■ **Task statement**:
Search the data for the word "part". Reproduce every line where it is found.

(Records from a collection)

··········

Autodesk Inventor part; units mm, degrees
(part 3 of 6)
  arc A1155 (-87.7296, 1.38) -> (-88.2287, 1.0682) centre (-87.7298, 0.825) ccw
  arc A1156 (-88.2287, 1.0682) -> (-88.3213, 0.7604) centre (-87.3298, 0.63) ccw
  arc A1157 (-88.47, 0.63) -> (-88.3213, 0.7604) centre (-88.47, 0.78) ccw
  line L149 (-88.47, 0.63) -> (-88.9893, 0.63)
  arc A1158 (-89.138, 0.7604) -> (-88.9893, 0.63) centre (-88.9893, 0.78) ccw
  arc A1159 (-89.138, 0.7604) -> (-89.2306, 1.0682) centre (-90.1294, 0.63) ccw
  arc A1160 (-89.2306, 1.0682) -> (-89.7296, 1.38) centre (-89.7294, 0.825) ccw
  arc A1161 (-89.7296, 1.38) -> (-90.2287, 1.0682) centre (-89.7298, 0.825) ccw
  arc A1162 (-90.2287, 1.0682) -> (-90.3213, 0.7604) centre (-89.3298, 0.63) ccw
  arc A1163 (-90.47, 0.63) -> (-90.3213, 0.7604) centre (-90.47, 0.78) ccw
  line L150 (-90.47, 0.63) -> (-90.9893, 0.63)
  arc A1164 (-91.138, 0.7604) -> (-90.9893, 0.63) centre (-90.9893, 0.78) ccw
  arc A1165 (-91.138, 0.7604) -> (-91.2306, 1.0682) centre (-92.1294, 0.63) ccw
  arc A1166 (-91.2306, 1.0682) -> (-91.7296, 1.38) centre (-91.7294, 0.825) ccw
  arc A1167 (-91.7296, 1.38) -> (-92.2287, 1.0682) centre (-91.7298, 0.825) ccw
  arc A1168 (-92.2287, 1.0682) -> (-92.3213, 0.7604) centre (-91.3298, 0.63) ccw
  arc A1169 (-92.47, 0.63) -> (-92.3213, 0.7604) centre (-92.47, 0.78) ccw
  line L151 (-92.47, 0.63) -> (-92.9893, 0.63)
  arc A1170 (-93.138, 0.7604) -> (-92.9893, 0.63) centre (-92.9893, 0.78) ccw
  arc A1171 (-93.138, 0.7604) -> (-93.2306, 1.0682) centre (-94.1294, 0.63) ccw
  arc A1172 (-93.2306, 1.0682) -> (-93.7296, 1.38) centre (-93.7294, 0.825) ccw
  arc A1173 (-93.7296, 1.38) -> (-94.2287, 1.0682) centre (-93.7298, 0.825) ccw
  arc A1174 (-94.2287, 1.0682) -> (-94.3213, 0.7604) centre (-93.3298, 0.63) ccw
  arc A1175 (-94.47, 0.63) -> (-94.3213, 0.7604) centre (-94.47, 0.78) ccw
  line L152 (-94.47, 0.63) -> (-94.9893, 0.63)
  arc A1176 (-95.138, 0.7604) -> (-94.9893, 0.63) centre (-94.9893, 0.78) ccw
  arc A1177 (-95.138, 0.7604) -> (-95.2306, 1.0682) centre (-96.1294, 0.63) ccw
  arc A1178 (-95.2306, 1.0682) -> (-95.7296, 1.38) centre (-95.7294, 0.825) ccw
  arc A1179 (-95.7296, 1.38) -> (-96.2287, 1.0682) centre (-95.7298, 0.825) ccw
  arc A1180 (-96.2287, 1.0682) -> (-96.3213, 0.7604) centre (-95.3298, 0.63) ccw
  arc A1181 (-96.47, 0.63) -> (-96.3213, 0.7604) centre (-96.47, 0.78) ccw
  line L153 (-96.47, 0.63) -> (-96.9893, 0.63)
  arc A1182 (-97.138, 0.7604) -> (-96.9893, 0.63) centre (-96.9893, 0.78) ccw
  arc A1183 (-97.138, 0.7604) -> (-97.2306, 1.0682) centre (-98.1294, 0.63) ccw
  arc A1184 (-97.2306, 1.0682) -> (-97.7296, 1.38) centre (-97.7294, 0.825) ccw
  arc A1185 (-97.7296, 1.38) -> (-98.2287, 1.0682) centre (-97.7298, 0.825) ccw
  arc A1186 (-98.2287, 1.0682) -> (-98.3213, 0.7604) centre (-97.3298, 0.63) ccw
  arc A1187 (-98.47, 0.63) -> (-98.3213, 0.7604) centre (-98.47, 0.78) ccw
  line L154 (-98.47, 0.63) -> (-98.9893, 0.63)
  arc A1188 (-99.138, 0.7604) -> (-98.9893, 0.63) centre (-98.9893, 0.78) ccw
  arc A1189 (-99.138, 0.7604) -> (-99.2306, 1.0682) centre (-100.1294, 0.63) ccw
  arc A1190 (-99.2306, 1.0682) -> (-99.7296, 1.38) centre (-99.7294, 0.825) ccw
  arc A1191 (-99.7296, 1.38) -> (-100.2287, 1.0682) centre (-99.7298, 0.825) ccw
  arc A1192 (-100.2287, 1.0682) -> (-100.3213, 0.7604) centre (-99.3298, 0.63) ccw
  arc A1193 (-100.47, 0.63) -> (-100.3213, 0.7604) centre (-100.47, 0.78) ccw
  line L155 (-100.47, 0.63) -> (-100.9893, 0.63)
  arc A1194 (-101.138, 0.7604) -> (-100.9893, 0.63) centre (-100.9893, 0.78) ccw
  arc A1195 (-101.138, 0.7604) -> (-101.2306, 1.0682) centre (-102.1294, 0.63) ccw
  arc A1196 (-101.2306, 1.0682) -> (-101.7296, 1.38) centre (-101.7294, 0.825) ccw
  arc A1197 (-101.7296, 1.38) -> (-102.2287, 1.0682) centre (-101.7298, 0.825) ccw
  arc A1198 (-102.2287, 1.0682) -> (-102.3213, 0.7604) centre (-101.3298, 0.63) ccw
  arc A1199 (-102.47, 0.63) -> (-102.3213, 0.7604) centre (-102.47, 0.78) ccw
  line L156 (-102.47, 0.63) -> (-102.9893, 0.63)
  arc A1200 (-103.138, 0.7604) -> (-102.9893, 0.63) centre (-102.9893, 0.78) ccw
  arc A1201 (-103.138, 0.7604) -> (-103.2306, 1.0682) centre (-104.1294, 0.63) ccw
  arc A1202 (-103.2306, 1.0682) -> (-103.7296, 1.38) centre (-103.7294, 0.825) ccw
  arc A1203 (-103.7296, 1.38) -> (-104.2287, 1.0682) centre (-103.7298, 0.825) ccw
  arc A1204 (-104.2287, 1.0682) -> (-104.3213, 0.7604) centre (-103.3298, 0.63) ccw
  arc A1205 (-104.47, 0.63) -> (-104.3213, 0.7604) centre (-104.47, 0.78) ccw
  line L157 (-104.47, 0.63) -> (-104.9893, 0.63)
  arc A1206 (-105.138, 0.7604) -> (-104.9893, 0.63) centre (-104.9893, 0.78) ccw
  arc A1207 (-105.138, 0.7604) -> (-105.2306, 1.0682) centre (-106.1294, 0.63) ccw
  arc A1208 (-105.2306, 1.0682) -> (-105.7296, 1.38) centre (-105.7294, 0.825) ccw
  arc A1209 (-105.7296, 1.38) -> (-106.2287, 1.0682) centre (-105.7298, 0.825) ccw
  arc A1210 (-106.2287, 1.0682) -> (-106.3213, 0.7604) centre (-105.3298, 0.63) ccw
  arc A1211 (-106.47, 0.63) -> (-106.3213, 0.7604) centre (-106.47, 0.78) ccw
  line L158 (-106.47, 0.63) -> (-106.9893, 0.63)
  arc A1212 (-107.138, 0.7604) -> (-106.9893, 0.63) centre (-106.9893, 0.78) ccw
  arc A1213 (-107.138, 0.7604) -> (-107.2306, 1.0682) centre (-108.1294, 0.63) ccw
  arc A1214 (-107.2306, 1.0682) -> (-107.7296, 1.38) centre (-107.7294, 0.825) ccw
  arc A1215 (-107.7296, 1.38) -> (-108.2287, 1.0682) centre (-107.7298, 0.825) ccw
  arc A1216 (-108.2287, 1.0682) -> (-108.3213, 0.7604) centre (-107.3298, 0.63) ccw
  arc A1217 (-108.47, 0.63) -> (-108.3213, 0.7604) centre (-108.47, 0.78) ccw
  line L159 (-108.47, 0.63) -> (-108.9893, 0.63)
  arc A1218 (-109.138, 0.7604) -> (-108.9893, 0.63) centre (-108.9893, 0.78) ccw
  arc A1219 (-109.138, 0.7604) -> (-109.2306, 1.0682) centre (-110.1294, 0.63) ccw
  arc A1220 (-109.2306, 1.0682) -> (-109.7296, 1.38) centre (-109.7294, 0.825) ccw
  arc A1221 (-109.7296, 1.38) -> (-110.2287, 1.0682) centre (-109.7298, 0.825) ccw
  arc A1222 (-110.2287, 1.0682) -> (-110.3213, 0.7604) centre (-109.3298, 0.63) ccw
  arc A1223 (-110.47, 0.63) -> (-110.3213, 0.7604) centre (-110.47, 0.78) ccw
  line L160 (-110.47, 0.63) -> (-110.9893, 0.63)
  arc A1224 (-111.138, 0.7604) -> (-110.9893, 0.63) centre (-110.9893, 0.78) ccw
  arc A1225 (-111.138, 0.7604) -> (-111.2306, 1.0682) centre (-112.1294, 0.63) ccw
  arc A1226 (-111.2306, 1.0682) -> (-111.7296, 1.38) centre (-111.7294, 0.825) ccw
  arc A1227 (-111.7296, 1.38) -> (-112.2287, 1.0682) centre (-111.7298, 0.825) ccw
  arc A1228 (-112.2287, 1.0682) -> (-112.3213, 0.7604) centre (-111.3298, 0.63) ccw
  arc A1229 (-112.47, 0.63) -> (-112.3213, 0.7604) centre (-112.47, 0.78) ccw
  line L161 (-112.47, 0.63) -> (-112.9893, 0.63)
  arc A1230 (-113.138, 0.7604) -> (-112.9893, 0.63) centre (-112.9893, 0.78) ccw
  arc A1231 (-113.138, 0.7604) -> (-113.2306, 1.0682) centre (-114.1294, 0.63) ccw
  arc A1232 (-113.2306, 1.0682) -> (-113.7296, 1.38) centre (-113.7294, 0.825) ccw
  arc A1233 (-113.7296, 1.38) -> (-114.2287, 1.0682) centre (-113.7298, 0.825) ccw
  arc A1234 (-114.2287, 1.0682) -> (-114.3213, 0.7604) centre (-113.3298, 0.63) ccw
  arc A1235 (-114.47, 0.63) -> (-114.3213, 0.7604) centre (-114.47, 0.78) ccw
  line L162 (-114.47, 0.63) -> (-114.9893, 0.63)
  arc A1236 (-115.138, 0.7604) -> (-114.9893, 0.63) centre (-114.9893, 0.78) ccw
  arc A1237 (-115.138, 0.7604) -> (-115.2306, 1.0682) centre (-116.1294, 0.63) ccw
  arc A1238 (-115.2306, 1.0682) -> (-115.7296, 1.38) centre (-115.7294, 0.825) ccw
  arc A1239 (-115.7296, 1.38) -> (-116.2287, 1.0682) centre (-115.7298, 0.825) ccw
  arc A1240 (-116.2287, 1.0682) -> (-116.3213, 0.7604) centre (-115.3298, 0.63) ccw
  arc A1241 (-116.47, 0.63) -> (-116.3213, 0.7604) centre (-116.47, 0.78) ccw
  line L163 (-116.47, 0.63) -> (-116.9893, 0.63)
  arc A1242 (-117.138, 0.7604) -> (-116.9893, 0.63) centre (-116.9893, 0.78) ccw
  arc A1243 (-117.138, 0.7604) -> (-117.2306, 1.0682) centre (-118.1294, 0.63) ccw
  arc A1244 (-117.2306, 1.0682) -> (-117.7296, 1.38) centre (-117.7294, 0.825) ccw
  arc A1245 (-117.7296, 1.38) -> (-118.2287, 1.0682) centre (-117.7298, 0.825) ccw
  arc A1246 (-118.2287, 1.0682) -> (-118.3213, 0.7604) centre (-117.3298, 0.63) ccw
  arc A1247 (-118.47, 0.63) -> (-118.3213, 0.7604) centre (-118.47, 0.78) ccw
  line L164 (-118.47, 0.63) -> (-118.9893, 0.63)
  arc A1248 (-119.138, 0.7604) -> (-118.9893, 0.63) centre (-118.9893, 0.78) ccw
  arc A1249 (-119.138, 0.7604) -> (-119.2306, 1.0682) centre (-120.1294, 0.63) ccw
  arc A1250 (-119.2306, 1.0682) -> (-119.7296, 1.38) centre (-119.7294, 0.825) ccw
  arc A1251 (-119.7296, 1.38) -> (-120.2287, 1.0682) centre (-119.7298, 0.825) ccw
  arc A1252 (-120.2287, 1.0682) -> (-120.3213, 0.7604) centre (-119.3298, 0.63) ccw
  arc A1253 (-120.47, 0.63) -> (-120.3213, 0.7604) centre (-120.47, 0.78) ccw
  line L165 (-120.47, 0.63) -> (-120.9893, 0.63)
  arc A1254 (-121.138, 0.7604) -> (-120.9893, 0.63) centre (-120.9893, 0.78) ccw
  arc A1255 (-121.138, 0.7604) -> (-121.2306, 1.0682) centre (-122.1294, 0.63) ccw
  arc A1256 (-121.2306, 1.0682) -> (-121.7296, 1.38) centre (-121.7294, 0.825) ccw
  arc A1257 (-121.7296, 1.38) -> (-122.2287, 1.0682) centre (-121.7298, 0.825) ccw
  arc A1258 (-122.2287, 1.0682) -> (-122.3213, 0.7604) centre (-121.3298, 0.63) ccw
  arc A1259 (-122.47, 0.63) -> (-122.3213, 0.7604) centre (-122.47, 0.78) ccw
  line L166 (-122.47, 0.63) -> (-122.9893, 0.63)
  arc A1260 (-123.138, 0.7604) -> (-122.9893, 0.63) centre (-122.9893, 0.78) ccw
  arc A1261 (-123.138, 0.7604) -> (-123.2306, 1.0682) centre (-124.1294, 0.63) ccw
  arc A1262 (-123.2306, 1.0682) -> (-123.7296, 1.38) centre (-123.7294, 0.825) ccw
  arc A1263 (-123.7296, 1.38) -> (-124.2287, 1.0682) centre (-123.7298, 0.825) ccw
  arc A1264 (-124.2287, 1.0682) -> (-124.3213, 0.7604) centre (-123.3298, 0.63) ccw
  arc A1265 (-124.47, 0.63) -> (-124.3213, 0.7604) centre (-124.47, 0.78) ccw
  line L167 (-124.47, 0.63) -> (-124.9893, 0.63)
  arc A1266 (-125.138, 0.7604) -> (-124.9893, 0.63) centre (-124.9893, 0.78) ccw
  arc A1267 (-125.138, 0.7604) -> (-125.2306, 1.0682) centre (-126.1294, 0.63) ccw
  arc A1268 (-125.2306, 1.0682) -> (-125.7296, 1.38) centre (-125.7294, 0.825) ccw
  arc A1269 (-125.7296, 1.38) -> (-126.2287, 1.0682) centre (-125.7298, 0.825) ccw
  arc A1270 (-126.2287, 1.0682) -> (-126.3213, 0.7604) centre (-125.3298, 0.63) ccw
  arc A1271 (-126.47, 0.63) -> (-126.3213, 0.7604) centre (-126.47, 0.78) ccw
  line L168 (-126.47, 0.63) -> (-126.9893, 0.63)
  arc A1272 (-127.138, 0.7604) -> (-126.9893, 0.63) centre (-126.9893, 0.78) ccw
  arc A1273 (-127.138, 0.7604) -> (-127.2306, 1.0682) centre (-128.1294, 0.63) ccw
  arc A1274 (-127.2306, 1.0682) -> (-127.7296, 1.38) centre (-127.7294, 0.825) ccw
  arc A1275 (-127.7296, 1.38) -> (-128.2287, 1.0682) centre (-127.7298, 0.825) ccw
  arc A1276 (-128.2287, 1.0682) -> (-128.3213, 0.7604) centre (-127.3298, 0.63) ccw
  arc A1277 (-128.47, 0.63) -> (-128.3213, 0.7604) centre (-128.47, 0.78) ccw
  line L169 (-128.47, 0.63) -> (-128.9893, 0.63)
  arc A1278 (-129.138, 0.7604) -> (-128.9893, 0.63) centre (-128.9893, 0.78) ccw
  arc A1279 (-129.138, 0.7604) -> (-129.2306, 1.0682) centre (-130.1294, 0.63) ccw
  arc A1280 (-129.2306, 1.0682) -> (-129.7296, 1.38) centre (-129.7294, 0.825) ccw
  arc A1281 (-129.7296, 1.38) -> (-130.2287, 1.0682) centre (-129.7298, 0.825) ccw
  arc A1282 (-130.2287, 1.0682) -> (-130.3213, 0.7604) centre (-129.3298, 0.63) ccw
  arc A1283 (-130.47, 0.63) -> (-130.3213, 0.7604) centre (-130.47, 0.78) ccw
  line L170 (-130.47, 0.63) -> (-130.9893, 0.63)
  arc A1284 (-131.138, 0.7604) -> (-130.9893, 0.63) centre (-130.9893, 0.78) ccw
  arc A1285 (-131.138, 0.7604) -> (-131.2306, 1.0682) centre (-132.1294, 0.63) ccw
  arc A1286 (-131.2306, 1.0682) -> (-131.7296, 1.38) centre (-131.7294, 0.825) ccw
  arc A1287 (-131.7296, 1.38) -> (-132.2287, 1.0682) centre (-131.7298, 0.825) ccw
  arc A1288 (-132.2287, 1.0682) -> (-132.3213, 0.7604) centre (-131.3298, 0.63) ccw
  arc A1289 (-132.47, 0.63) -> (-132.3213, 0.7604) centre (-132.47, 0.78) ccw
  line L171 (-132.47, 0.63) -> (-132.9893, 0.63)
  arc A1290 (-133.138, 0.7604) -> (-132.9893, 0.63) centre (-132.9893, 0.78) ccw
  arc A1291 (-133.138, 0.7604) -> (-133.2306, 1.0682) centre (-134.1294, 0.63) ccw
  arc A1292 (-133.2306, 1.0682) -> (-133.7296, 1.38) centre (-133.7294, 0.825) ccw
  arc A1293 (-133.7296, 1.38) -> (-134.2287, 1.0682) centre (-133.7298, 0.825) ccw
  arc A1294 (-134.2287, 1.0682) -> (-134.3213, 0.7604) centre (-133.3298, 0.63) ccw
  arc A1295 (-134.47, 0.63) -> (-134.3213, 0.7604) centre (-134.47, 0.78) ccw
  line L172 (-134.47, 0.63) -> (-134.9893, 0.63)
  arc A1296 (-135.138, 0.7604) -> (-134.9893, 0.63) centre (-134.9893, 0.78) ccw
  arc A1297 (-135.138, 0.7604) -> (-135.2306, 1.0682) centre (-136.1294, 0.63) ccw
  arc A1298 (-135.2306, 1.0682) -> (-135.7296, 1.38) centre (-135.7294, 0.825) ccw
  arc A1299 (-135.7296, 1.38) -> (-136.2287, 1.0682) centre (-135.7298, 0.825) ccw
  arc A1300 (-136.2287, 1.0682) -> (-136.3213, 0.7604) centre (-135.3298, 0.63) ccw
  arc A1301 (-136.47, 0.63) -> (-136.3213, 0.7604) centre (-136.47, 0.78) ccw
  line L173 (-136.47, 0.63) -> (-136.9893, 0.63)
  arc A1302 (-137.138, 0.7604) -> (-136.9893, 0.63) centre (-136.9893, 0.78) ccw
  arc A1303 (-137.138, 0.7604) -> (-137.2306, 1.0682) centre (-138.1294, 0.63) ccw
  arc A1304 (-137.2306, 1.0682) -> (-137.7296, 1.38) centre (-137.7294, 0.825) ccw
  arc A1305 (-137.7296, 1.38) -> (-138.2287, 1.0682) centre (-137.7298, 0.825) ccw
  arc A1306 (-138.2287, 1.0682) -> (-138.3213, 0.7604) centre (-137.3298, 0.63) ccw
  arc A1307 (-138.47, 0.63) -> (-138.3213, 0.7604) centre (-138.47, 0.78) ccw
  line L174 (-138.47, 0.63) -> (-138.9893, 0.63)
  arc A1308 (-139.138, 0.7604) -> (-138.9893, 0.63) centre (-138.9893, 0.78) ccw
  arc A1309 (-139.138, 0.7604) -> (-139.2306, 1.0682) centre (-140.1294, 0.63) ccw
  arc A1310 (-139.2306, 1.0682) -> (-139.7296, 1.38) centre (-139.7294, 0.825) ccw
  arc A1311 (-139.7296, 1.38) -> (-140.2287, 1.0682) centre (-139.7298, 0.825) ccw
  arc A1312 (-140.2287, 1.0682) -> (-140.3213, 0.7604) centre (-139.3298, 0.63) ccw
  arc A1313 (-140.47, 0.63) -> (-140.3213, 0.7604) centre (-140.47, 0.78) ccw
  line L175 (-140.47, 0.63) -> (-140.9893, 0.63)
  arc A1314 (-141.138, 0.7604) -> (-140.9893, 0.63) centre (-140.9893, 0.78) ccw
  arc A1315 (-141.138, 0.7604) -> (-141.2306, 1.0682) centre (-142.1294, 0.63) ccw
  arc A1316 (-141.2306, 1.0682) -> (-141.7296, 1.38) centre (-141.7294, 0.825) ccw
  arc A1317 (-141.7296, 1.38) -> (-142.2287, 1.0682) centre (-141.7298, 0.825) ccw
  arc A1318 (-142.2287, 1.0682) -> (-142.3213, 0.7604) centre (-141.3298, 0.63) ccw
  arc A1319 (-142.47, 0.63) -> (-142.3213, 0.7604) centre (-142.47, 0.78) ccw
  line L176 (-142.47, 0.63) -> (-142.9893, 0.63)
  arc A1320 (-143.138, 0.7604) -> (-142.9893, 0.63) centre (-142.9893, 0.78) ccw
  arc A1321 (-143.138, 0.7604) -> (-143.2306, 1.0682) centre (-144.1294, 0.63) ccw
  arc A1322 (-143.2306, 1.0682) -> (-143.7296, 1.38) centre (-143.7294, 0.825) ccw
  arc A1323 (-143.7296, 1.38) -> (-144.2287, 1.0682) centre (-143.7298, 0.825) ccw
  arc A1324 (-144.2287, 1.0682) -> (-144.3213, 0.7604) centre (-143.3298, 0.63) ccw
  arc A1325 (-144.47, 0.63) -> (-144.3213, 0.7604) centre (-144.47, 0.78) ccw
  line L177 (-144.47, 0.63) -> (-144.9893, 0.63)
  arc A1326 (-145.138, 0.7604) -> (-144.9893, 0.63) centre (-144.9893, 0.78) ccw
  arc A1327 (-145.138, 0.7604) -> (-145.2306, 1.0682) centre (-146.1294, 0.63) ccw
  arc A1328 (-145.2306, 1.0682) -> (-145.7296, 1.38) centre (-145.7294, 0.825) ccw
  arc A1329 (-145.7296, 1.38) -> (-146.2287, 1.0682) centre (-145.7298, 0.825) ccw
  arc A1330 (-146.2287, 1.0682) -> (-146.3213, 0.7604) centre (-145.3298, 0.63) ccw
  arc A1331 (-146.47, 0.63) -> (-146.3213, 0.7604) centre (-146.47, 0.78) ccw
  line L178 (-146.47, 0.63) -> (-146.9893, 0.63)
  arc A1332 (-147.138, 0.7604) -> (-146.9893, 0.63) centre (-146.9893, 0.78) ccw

··········

■ **Response below**:
Autodesk Inventor part; units mm, degrees
(part 3 of 6)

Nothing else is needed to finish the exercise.